**What you should do:**
Reproduce the records exactly, but not the pictures.

============

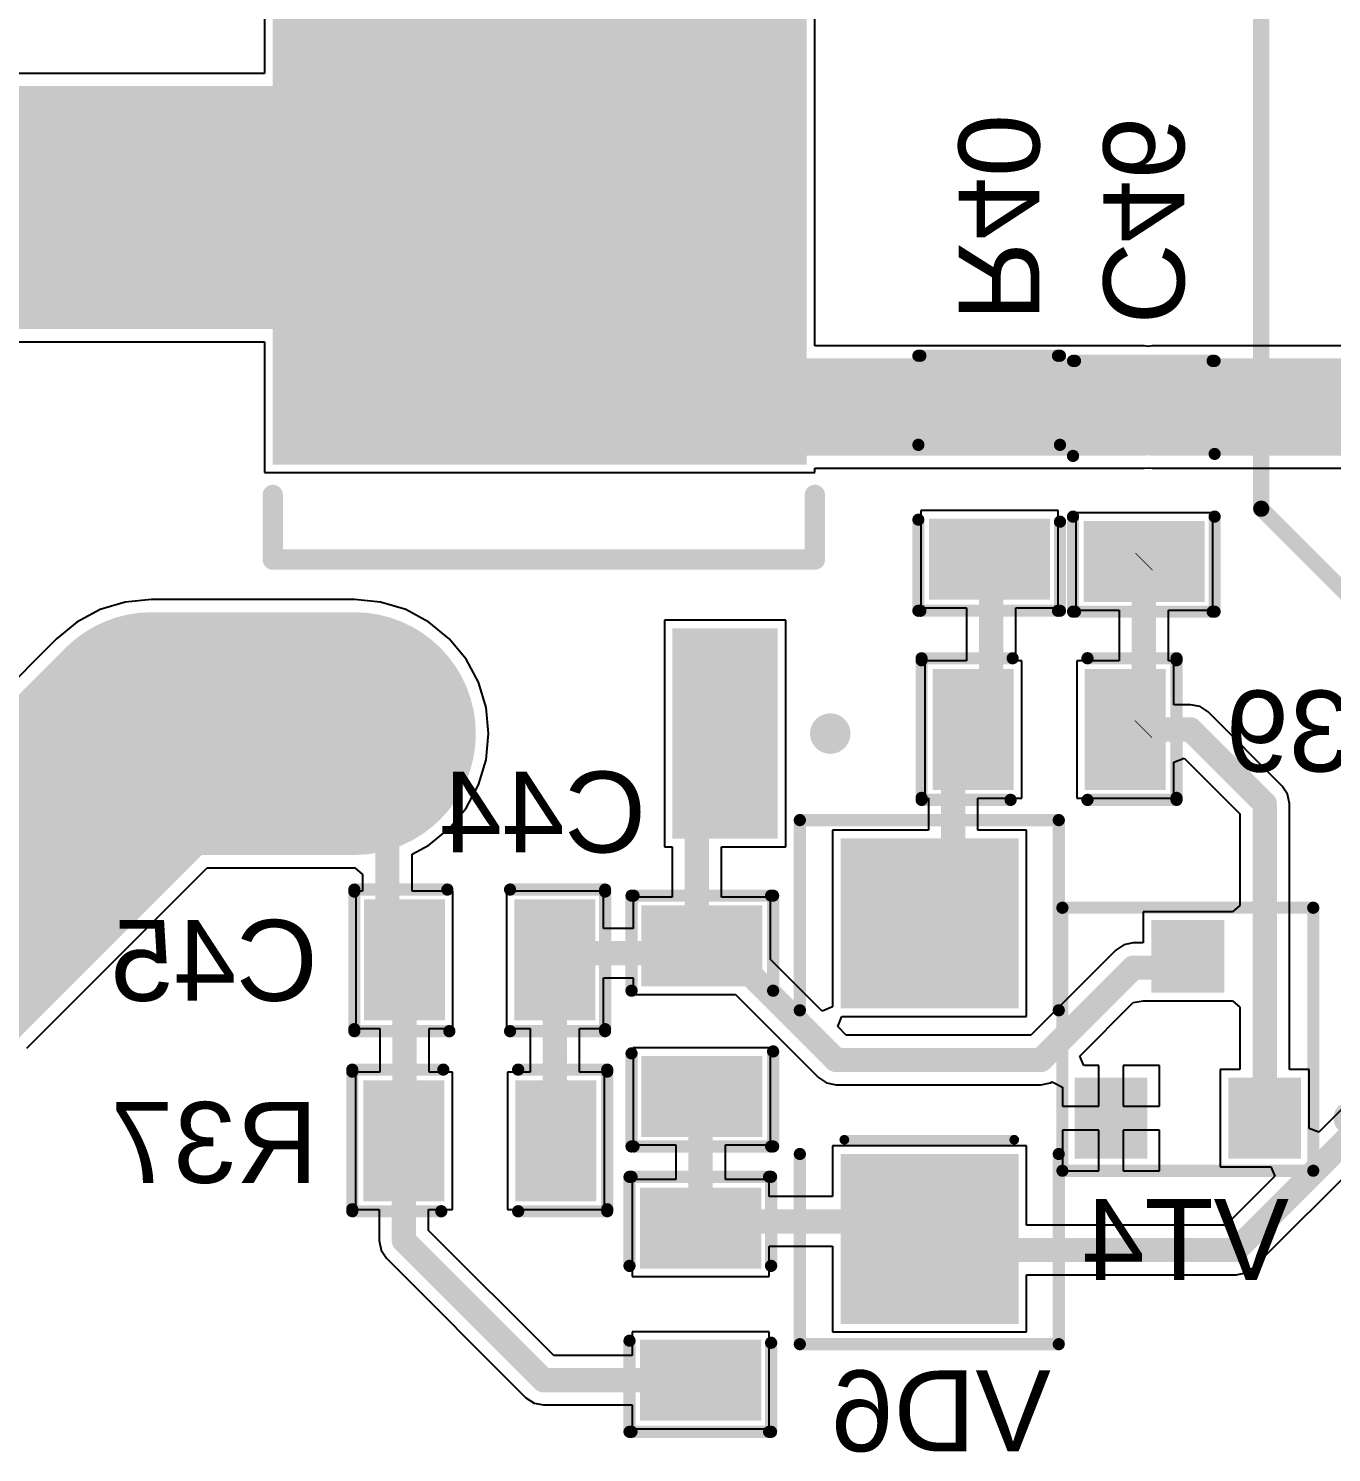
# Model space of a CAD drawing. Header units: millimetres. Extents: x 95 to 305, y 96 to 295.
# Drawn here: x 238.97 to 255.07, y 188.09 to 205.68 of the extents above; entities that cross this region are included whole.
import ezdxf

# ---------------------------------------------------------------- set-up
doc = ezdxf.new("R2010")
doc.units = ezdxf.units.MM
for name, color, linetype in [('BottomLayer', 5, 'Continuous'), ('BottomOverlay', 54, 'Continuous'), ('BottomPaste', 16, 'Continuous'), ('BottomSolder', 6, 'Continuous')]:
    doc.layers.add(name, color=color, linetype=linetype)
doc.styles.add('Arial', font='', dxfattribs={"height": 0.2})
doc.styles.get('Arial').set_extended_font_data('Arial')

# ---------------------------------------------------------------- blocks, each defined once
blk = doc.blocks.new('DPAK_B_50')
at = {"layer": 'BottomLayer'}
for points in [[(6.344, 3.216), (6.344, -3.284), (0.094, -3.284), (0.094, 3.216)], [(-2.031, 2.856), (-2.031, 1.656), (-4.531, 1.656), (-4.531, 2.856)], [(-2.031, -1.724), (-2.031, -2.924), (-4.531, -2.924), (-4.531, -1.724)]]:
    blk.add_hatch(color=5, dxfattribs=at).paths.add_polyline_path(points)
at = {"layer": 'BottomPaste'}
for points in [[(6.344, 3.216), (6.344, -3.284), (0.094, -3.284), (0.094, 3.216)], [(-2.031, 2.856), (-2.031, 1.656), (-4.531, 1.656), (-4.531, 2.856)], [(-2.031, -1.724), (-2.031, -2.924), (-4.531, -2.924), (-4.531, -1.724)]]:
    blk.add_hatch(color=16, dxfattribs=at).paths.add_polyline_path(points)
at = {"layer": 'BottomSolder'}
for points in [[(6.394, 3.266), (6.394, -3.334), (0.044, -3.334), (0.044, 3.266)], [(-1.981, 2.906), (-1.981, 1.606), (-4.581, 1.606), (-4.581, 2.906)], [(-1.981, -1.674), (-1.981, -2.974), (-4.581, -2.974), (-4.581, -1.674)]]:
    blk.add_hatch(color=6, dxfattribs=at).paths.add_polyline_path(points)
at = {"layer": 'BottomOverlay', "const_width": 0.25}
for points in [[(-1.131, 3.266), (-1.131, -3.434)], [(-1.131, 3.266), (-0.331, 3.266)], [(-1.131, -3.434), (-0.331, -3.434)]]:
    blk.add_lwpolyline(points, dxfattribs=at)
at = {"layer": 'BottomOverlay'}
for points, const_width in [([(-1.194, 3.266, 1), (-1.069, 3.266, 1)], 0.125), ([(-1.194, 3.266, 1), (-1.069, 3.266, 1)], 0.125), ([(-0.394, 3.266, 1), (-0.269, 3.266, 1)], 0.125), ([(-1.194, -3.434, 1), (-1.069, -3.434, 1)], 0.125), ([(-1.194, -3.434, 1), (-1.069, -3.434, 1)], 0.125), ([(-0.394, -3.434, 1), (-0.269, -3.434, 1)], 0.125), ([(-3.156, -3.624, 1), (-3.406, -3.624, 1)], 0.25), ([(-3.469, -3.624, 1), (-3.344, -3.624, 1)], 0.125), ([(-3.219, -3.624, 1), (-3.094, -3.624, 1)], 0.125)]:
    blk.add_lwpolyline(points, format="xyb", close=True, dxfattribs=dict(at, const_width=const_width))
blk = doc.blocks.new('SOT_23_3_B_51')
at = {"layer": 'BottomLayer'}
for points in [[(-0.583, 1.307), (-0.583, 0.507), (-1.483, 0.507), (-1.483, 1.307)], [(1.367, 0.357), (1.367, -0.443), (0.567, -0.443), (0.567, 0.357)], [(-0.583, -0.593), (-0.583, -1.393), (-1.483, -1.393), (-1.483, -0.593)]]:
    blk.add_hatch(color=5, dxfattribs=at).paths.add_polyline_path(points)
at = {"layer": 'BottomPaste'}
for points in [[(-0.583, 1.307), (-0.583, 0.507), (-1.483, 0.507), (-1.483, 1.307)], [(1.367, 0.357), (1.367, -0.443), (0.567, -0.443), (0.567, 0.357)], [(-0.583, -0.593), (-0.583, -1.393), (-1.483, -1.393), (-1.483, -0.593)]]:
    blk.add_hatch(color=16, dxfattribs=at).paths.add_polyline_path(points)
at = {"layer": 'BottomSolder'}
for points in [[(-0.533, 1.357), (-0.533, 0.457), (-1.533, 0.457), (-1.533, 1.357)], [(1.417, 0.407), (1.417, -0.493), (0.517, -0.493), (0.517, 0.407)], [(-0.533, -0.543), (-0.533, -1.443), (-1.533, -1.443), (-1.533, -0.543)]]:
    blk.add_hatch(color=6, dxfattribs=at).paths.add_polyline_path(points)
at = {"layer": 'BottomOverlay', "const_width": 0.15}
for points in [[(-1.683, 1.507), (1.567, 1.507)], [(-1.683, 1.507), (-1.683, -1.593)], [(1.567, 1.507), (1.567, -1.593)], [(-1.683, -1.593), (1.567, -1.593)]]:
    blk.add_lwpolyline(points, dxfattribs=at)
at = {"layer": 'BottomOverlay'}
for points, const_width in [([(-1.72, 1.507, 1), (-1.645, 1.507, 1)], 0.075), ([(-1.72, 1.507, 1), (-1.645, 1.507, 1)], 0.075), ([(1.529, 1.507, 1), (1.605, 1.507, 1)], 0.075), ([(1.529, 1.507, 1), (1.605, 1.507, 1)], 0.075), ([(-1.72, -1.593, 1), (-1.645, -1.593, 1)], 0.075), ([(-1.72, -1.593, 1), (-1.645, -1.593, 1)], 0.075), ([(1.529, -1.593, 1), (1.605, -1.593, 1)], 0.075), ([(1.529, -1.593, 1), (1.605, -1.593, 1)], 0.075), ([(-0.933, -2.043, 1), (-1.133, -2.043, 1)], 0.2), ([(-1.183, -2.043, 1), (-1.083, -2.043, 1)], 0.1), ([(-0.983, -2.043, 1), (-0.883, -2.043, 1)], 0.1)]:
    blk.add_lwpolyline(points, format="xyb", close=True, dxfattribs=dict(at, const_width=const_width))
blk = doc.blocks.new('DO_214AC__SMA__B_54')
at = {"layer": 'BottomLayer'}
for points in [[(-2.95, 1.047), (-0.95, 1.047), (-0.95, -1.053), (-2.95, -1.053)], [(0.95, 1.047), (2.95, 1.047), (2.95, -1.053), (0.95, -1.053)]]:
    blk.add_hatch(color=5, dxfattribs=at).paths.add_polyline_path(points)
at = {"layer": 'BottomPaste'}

============

**Answer for the task:**
# Model space of a CAD drawing. Header units: millimetres. Extents: x 95 to 305, y 96 to 295.
# Drawn here: x 238.97 to 255.07, y 188.09 to 205.68 of the extents above; entities that cross this region are included whole.
import ezdxf

# ---------------------------------------------------------------- set-up
doc = ezdxf.new("R2010")
doc.units = ezdxf.units.MM
for name, color, linetype in [('BottomLayer', 5, 'Continuous'), ('BottomOverlay', 54, 'Continuous'), ('BottomPaste', 16, 'Continuous'), ('BottomSolder', 6, 'Continuous')]:
    doc.layers.add(name, color=color, linetype=linetype)
doc.styles.add('Arial', font='', dxfattribs={"height": 0.2})
doc.styles.get('Arial').set_extended_font_data('Arial')

# ---------------------------------------------------------------- blocks, each defined once
blk = doc.blocks.new('DPAK_B_50')
at = {"layer": 'BottomLayer'}
for points in [[(6.344, 3.216), (6.344, -3.284), (0.094, -3.284), (0.094, 3.216)], [(-2.031, 2.856), (-2.031, 1.656), (-4.531, 1.656), (-4.531, 2.856)], [(-2.031, -1.724), (-2.031, -2.924), (-4.531, -2.924), (-4.531, -1.724)]]:
    blk.add_hatch(color=5, dxfattribs=at).paths.add_polyline_path(points)
at = {"layer": 'BottomPaste'}
for points in [[(6.344, 3.216), (6.344, -3.284), (0.094, -3.284), (0.094, 3.216)], [(-2.031, 2.856), (-2.031, 1.656), (-4.531, 1.656), (-4.531, 2.856)], [(-2.031, -1.724), (-2.031, -2.924), (-4.531, -2.924), (-4.531, -1.724)]]:
    blk.add_hatch(color=16, dxfattribs=at).paths.add_polyline_path(points)
at = {"layer": 'BottomSolder'}
for points in [[(6.394, 3.266), (6.394, -3.334), (0.044, -3.334), (0.044, 3.266)], [(-1.981, 2.906), (-1.981, 1.606), (-4.581, 1.606), (-4.581, 2.906)], [(-1.981, -1.674), (-1.981, -2.974), (-4.581, -2.974), (-4.581, -1.674)]]:
    blk.add_hatch(color=6, dxfattribs=at).paths.add_polyline_path(points)
at = {"layer": 'BottomOverlay', "const_width": 0.25}
for points in [[(-1.131, 3.266), (-1.131, -3.434)], [(-1.131, 3.266), (-0.331, 3.266)], [(-1.131, -3.434), (-0.331, -3.434)]]:
    blk.add_lwpolyline(points, dxfattribs=at)
at = {"layer": 'BottomOverlay'}
for points, const_width in [([(-1.194, 3.266, 1), (-1.069, 3.266, 1)], 0.125), ([(-1.194, 3.266, 1), (-1.069, 3.266, 1)], 0.125), ([(-0.394, 3.266, 1), (-0.269, 3.266, 1)], 0.125), ([(-1.194, -3.434, 1), (-1.069, -3.434, 1)], 0.125), ([(-1.194, -3.434, 1), (-1.069, -3.434, 1)], 0.125), ([(-0.394, -3.434, 1), (-0.269, -3.434, 1)], 0.125), ([(-3.156, -3.624, 1), (-3.406, -3.624, 1)], 0.25), ([(-3.469, -3.624, 1), (-3.344, -3.624, 1)], 0.125), ([(-3.219, -3.624, 1), (-3.094, -3.624, 1)], 0.125)]:
    blk.add_lwpolyline(points, format="xyb", close=True, dxfattribs=dict(at, const_width=const_width))
blk = doc.blocks.new('SOT_23_3_B_51')
at = {"layer": 'BottomLayer'}
for points in [[(-0.583, 1.307), (-0.583, 0.507), (-1.483, 0.507), (-1.483, 1.307)], [(1.367, 0.357), (1.367, -0.443), (0.567, -0.443), (0.567, 0.357)], [(-0.583, -0.593), (-0.583, -1.393), (-1.483, -1.393), (-1.483, -0.593)]]:
    blk.add_hatch(color=5, dxfattribs=at).paths.add_polyline_path(points)
at = {"layer": 'BottomPaste'}
for points in [[(-0.583, 1.307), (-0.583, 0.507), (-1.483, 0.507), (-1.483, 1.307)], [(1.367, 0.357), (1.367, -0.443), (0.567, -0.443), (0.567, 0.357)], [(-0.583, -0.593), (-0.583, -1.393), (-1.483, -1.393), (-1.483, -0.593)]]:
    blk.add_hatch(color=16, dxfattribs=at).paths.add_polyline_path(points)
at = {"layer": 'BottomSolder'}
for points in [[(-0.533, 1.357), (-0.533, 0.457), (-1.533, 0.457), (-1.533, 1.357)], [(1.417, 0.407), (1.417, -0.493), (0.517, -0.493), (0.517, 0.407)], [(-0.533, -0.543), (-0.533, -1.443), (-1.533, -1.443), (-1.533, -0.543)]]:
    blk.add_hatch(color=6, dxfattribs=at).paths.add_polyline_path(points)
at = {"layer": 'BottomOverlay', "const_width": 0.15}
for points in [[(-1.683, 1.507), (1.567, 1.507)], [(-1.683, 1.507), (-1.683, -1.593)], [(1.567, 1.507), (1.567, -1.593)], [(-1.683, -1.593), (1.567, -1.593)]]:
    blk.add_lwpolyline(points, dxfattribs=at)
at = {"layer": 'BottomOverlay'}
for points, const_width in [([(-1.72, 1.507, 1), (-1.645, 1.507, 1)], 0.075), ([(-1.72, 1.507, 1), (-1.645, 1.507, 1)], 0.075), ([(1.529, 1.507, 1), (1.605, 1.507, 1)], 0.075), ([(1.529, 1.507, 1), (1.605, 1.507, 1)], 0.075), ([(-1.72, -1.593, 1), (-1.645, -1.593, 1)], 0.075), ([(-1.72, -1.593, 1), (-1.645, -1.593, 1)], 0.075), ([(1.529, -1.593, 1), (1.605, -1.593, 1)], 0.075), ([(1.529, -1.593, 1), (1.605, -1.593, 1)], 0.075), ([(-0.933, -2.043, 1), (-1.133, -2.043, 1)], 0.2), ([(-1.183, -2.043, 1), (-1.083, -2.043, 1)], 0.1), ([(-0.983, -2.043, 1), (-0.883, -2.043, 1)], 0.1)]:
    blk.add_lwpolyline(points, format="xyb", close=True, dxfattribs=dict(at, const_width=const_width))
blk = doc.blocks.new('DO_214AC__SMA__B_54')
at = {"layer": 'BottomLayer'}
for points in [[(-2.95, 1.047), (-0.95, 1.047), (-0.95, -1.053), (-2.95, -1.053)], [(0.95, 1.047), (2.95, 1.047), (2.95, -1.053), (0.95, -1.053)]]:
    blk.add_hatch(color=5, dxfattribs=at).paths.add_polyline_path(points)
at = {"layer": 'BottomPaste'}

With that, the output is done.